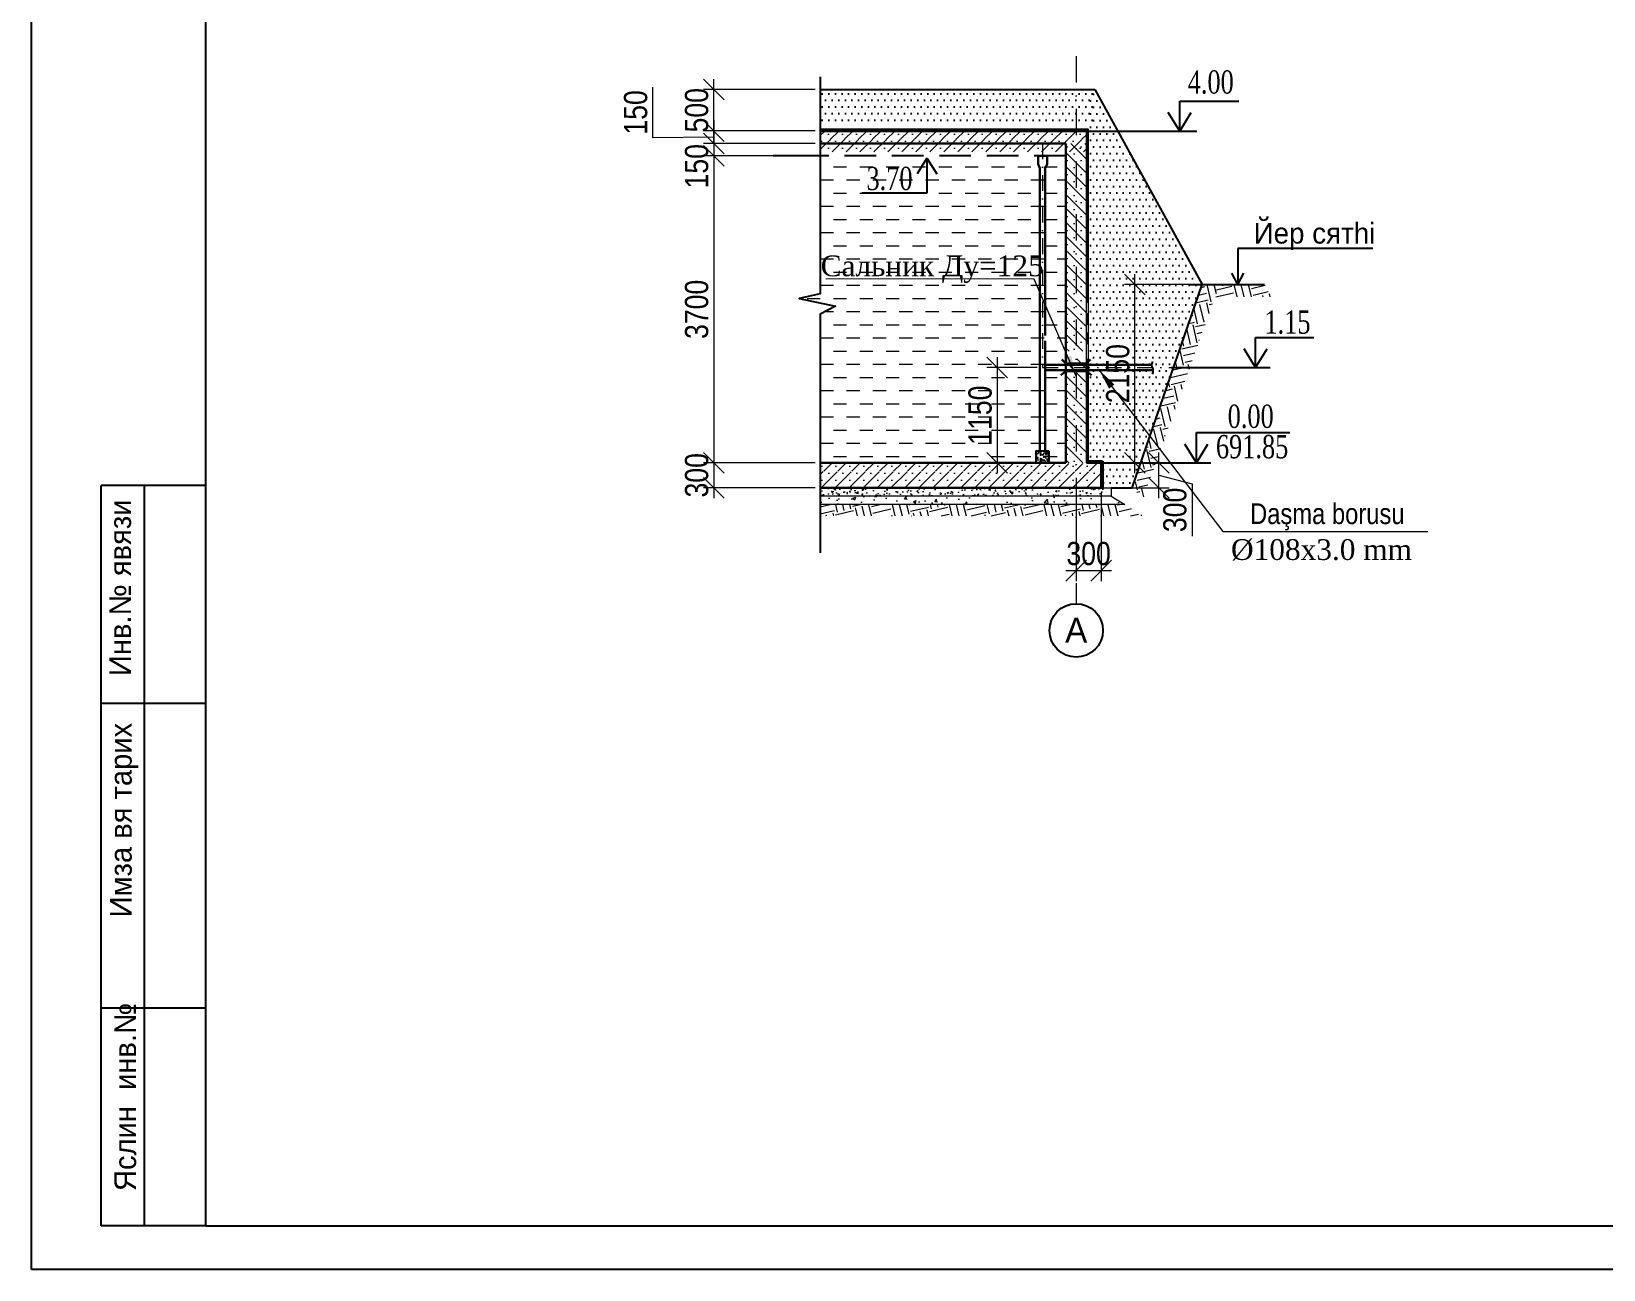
# Model space of a CAD drawing. Header units: millimetres. Extents: x 1177285 to 1225570, y -905119 to -683091.
# Drawn here: x 1183360 to 1202307, y -872576 to -857652 of the extents above; entities that cross this region are included whole.
import ezdxf

# ---------------------------------------------------------------- set-up
doc = ezdxf.new("R2010")
doc.units = ezdxf.units.MM
doc.linetypes.add('DASHDOT', pattern=[25.4, 12.7, -6.35, 0, -6.35])
doc.linetypes.add('DASHEDX2', pattern=[38.1, 25.4, -12.7])
doc.layers.add('Annotation - Text', color=7, linetype='Continuous')
doc.styles.add('400', font='times.ttf', dxfattribs={"width": 0.75, "height": 300})
doc.styles.add('CP_ATTR', font='A3TI(LA).TTF')
doc.styles.get("Standard").update_dxf_attribs({"font": 'a3ar(la).ttf'})
doc.styles.add('style3', font='ARIAAL_.TTF', dxfattribs={"height": 300})
doc.styles.add('Times New  Roman', font='times.ttf')
doc.styles.add('yazitipi', font='ARIALN.TTF')
doc.dimstyles.new('sevda', dxfattribs={"dimscale": 100, "dimtxt": 2.8, "dimasz": 2.5, "dimexe": 1.25, "dimexo": 0.625, "dimtad": 1, "dimtxsty": 'yazitipi', "dimblk": 'OBLIQUE', "dimcen": 2.5, "dimdle": 1.25, "dimclrd": 253, "dimclre": 253, "dimclrt": 73, "dimaunit": 1, "dimadec": 3, "dimazin": 0, "dimtfac": 1, "dimtmove": 1, "dimatfit": 3, "dimfxl": 1, "dimlwd": 13, "dimlwe": 13, "dimarcsym": 0})

# ---------------------------------------------------------------- blocks, each defined once
blk = doc.blocks.new('ntnntyht')
at = {"lineweight": 25}
for p, q in [((1961564, -50629), (1961564, -20955)), ((1963654, -41225), (1962400, -41225)), ((1963656, -43837), (1962402, -43837)), ((1963656, -47494), (1962402, -47494)), ((1963654, -50106), (1962400, -50106)), ((2003567, -50629), (1961564, -50629))]:
    blk.add_line(p, q, dxfattribs=at)
at = {"lineweight": 25, "ltscale": 15}
for q in [(1963654, -21476), (2003045, -50106)]:
    blk.add_line((1963654, -50106), q, dxfattribs=at)
at = {"lineweight": 25, "ltscale": 0.25}
for p, q in [((1962400, -50106), (1962400, -41225)), ((1962922, -50107), (1962922, -41225))]:
    blk.add_line(p, q, dxfattribs=at)
at = {"lineweight": 25, "char_height": 261.21, "width": 6227.25, "attachment_point": 1, "rotation": 90, "style": 'CP_ATTR'}
for s, insert in [('\\pt3143;Инв.№ явязи', (1962497, -43510)), ('\\pt3143;Имза вя тарих', (1962505, -46404)), ('\\pt3143;Яслин  инв.№', (1962558, -49687))]:
    blk.add_mtext(s, dxfattribs=dict(at, insert=insert))
blk = doc.blocks.new('_Oblique')
at = {"color": 0, "linetype": 'ByBlock', "lineweight": -2}
blk.add_line((-0.5, -0.5), (0.5, 0.5), dxfattribs=at)
blk = doc.blocks.new('*D137')
at = {"color": 253, "lineweight": 13, "ltscale": 15, "transparency": 16777216}
for p, q in [((1195951, -863215), (1195951, -864277)), ((1196251, -863215), (1196251, -864277)), ((1196376, -864152), (1195826, -864152))]:
    blk.add_line(p, q, dxfattribs=at)
at = {"layer": 'Defpoints', "color": 0, "lineweight": 30, "ltscale": 15, "transparency": 16777216}
for p in [(1195951, -863152), (1196251, -863152), (1195951, -864152)]:
    blk.add_point(p, dxfattribs=at)
at = {"color": 253, "lineweight": 13, "ltscale": 15, "transparency": 16777216, "xscale": 250, "yscale": 250, "zscale": 250}
for p, rotation in [((1195951, -864152), 180.0000000001043), ((1196251, -864152), 1.042366e-10)]:
    blk.add_blockref('_Oblique', p, dxfattribs=dict(at, rotation=rotation))
at = {"color": 73, "ltscale": 15, "transparency": 16777216, "insert": (1196101, -863947), "char_height": 280, "attachment_point": 5, "style": 'yazitipi'}
blk.add_mtext('300', dxfattribs=at)
blk = doc.blocks.new('*D138')
at = {"color": 253, "lineweight": 13, "ltscale": 15, "transparency": 16777216}
for p, q in [((1196314, -862852), (1197072, -862852)), ((1196947, -863277), (1196947, -862727)), ((1196947, -863002), (1197347, -863103)), ((1196549, -863152), (1197072, -863152)), ((1197347, -863103), (1197347, -863735))]:
    blk.add_line(p, q, dxfattribs=at)
at = {"layer": 'Defpoints', "color": 0, "lineweight": 30, "ltscale": 15, "transparency": 16777216}
for p in [(1196251, -862852), (1196947, -862852), (1196486, -863152)]:
    blk.add_point(p, dxfattribs=at)
at = {"color": 253, "lineweight": 13, "ltscale": 15, "transparency": 16777216, "xscale": 250, "yscale": 250, "zscale": 250}
for p, rotation in [((1196947, -862852), 90), ((1196947, -863152), 270)]:
    blk.add_blockref('_Oblique', p, dxfattribs=dict(at, rotation=rotation))
at = {"color": 73, "ltscale": 15, "transparency": 16777216, "insert": (1197142, -863419), "char_height": 280, "attachment_point": 5, "rotation": 90, "style": 'yazitipi'}
blk.add_mtext('300', dxfattribs=at)
blk = doc.blocks.new('*D139')
at = {"color": 253, "lineweight": 13, "ltscale": 15, "transparency": 16777216}
for p, q in [((1196658, -862977), (1196658, -860577)), ((1197407, -860702), (1196533, -860702)), ((1196314, -862852), (1196783, -862852))]:
    blk.add_line(p, q, dxfattribs=at)
at = {"layer": 'Defpoints', "color": 0, "lineweight": 30, "ltscale": 15, "transparency": 16777216}
for p in [(1196658, -860702), (1197469, -860702), (1196251, -862852)]:
    blk.add_point(p, dxfattribs=at)
at = {"color": 253, "lineweight": 13, "ltscale": 15, "transparency": 16777216, "xscale": 250, "yscale": 250, "zscale": 250}
for p, rotation in [((1196658, -860702), 90), ((1196658, -862852), 270)]:
    blk.add_blockref('_Oblique', p, dxfattribs=dict(at, rotation=rotation))
at = {"color": 73, "ltscale": 15, "transparency": 16777216, "insert": (1196453, -861777), "char_height": 280, "attachment_point": 5, "rotation": 90, "style": 'yazitipi'}
blk.add_mtext('2150', dxfattribs=at)
blk = doc.blocks.new('*D140')
at = {"color": 253, "lineweight": 13, "ltscale": 15, "transparency": 16777216}
for p, q in [((1190849, -858933), (1190849, -858323)), ((1192805, -858852), (1191458, -858852)), ((1191583, -858727), (1191583, -859127)), ((1191583, -858927), (1190849, -858933)), ((1192805, -859002), (1191458, -859002))]:
    blk.add_line(p, q, dxfattribs=at)
at = {"layer": 'Defpoints', "color": 0, "lineweight": 30, "ltscale": 15, "transparency": 16777216}
for p in [(1192867, -858852), (1191583, -859002), (1192867, -859002)]:
    blk.add_point(p, dxfattribs=at)
at = {"color": 253, "lineweight": 13, "ltscale": 15, "transparency": 16777216, "xscale": 250, "yscale": 250, "zscale": 250}
for p, rotation in [((1191583, -858852), 90), ((1191583, -859002), 270)]:
    blk.add_blockref('_Oblique', p, dxfattribs=dict(at, rotation=rotation))
at = {"color": 73, "ltscale": 15, "transparency": 16777216, "insert": (1190643, -858628), "char_height": 280, "attachment_point": 5, "rotation": 90, "style": 'yazitipi'}
blk.add_mtext('150', dxfattribs=at)
blk = doc.blocks.new('*D141')
at = {"color": 253, "lineweight": 13, "ltscale": 15, "transparency": 16777216}
for p, q in [((1191583, -858977), (1191583, -858227)), ((1192805, -858352), (1191458, -858352)), ((1192598, -858852), (1191458, -858852))]:
    blk.add_line(p, q, dxfattribs=at)
at = {"layer": 'Defpoints', "color": 0, "lineweight": 30, "ltscale": 15, "transparency": 16777216}
for p in [(1191583, -858352), (1192867, -858352), (1192661, -858852)]:
    blk.add_point(p, dxfattribs=at)
at = {"color": 253, "lineweight": 13, "ltscale": 15, "transparency": 16777216, "xscale": 250, "yscale": 250, "zscale": 250}
for p, rotation in [((1191583, -858352), 90), ((1191583, -858852), 270)]:
    blk.add_blockref('_Oblique', p, dxfattribs=dict(at, rotation=rotation))
at = {"color": 73, "ltscale": 15, "transparency": 16777216, "insert": (1191378, -858602), "char_height": 280, "attachment_point": 5, "rotation": 90, "style": 'yazitipi'}
blk.add_mtext('500', dxfattribs=at)
blk = doc.blocks.new('*D142')
at = {"color": 253, "lineweight": 13, "ltscale": 15, "transparency": 16777216}
for p, q in [((1191583, -858877), (1191583, -859277)), ((1192805, -859002), (1191458, -859002)), ((1191902, -859152), (1191458, -859152))]:
    blk.add_line(p, q, dxfattribs=at)
at = {"layer": 'Defpoints', "color": 0, "lineweight": 30, "ltscale": 15, "transparency": 16777216}
for p in [(1192867, -859002), (1191583, -859152), (1191965, -859152)]:
    blk.add_point(p, dxfattribs=at)
at = {"color": 253, "lineweight": 13, "ltscale": 15, "transparency": 16777216, "xscale": 250, "yscale": 250, "zscale": 250}
for p, rotation in [((1191583, -859002), 90), ((1191583, -859152), 270)]:
    blk.add_blockref('_Oblique', p, dxfattribs=dict(at, rotation=rotation))
at = {"color": 73, "ltscale": 15, "transparency": 16777216, "insert": (1191378, -859277), "char_height": 280, "attachment_point": 5, "rotation": 90, "style": 'yazitipi'}
blk.add_mtext('150', dxfattribs=at)
blk = doc.blocks.new('*D143')
at = {"color": 253, "lineweight": 13, "ltscale": 15, "transparency": 16777216}
for p, q in [((1191583, -859027), (1191583, -862977)), ((1192805, -859152), (1191458, -859152)), ((1192805, -862852), (1191458, -862852))]:
    blk.add_line(p, q, dxfattribs=at)
at = {"layer": 'Defpoints', "color": 0, "lineweight": 30, "ltscale": 15, "transparency": 16777216}
for p in [(1192867, -859152), (1191583, -862852), (1192867, -862852)]:
    blk.add_point(p, dxfattribs=at)
at = {"color": 253, "lineweight": 13, "ltscale": 15, "transparency": 16777216, "xscale": 250, "yscale": 250, "zscale": 250}
for p, rotation in [((1191583, -859152), 90), ((1191583, -862852), 270)]:
    blk.add_blockref('_Oblique', p, dxfattribs=dict(at, rotation=rotation))
at = {"color": 73, "ltscale": 15, "transparency": 16777216, "insert": (1191378, -861002), "char_height": 280, "attachment_point": 5, "rotation": 90, "style": 'yazitipi'}
blk.add_mtext('3700', dxfattribs=at)
blk = doc.blocks.new('*D144')
at = {"color": 253, "lineweight": 13, "ltscale": 15, "transparency": 16777216}
for p, q in [((1192805, -862852), (1191458, -862852)), ((1191583, -862727), (1191583, -863277)), ((1192805, -863152), (1191458, -863152))]:
    blk.add_line(p, q, dxfattribs=at)
at = {"layer": 'Defpoints', "color": 0, "lineweight": 30, "ltscale": 15, "transparency": 16777216}
for p in [(1192867, -862852), (1191583, -863152), (1192867, -863152)]:
    blk.add_point(p, dxfattribs=at)
at = {"color": 253, "lineweight": 13, "ltscale": 15, "transparency": 16777216, "xscale": 250, "yscale": 250, "zscale": 250}
for p, rotation in [((1191583, -862852), 90), ((1191583, -863152), 270)]:
    blk.add_blockref('_Oblique', p, dxfattribs=dict(at, rotation=rotation))
at = {"color": 73, "ltscale": 15, "transparency": 16777216, "insert": (1191378, -863002), "char_height": 280, "attachment_point": 5, "rotation": 90, "style": 'yazitipi'}
blk.add_mtext('300', dxfattribs=at)
blk = doc.blocks.new('*D167')
at = {"color": 253, "lineweight": 13, "ltscale": 15, "transparency": 16777216}
for p, q in [((1195482, -861702), (1194875, -861702)), ((1195000, -861577), (1195000, -862977)), ((1195483, -862852), (1194875, -862852))]:
    blk.add_line(p, q, dxfattribs=at)
at = {"layer": 'Defpoints', "color": 0, "lineweight": 30, "ltscale": 15, "transparency": 16777216}
for p in [(1195544, -861702), (1195000, -862852), (1195545, -862852)]:
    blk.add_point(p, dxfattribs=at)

How to complete this task: The answer must be every line from the records above that contains "pattern".

Reply:
doc.linetypes.add('DASHDOT', pattern=[25.4, 12.7, -6.35, 0, -6.35])
doc.linetypes.add('DASHEDX2', pattern=[38.1, 25.4, -12.7])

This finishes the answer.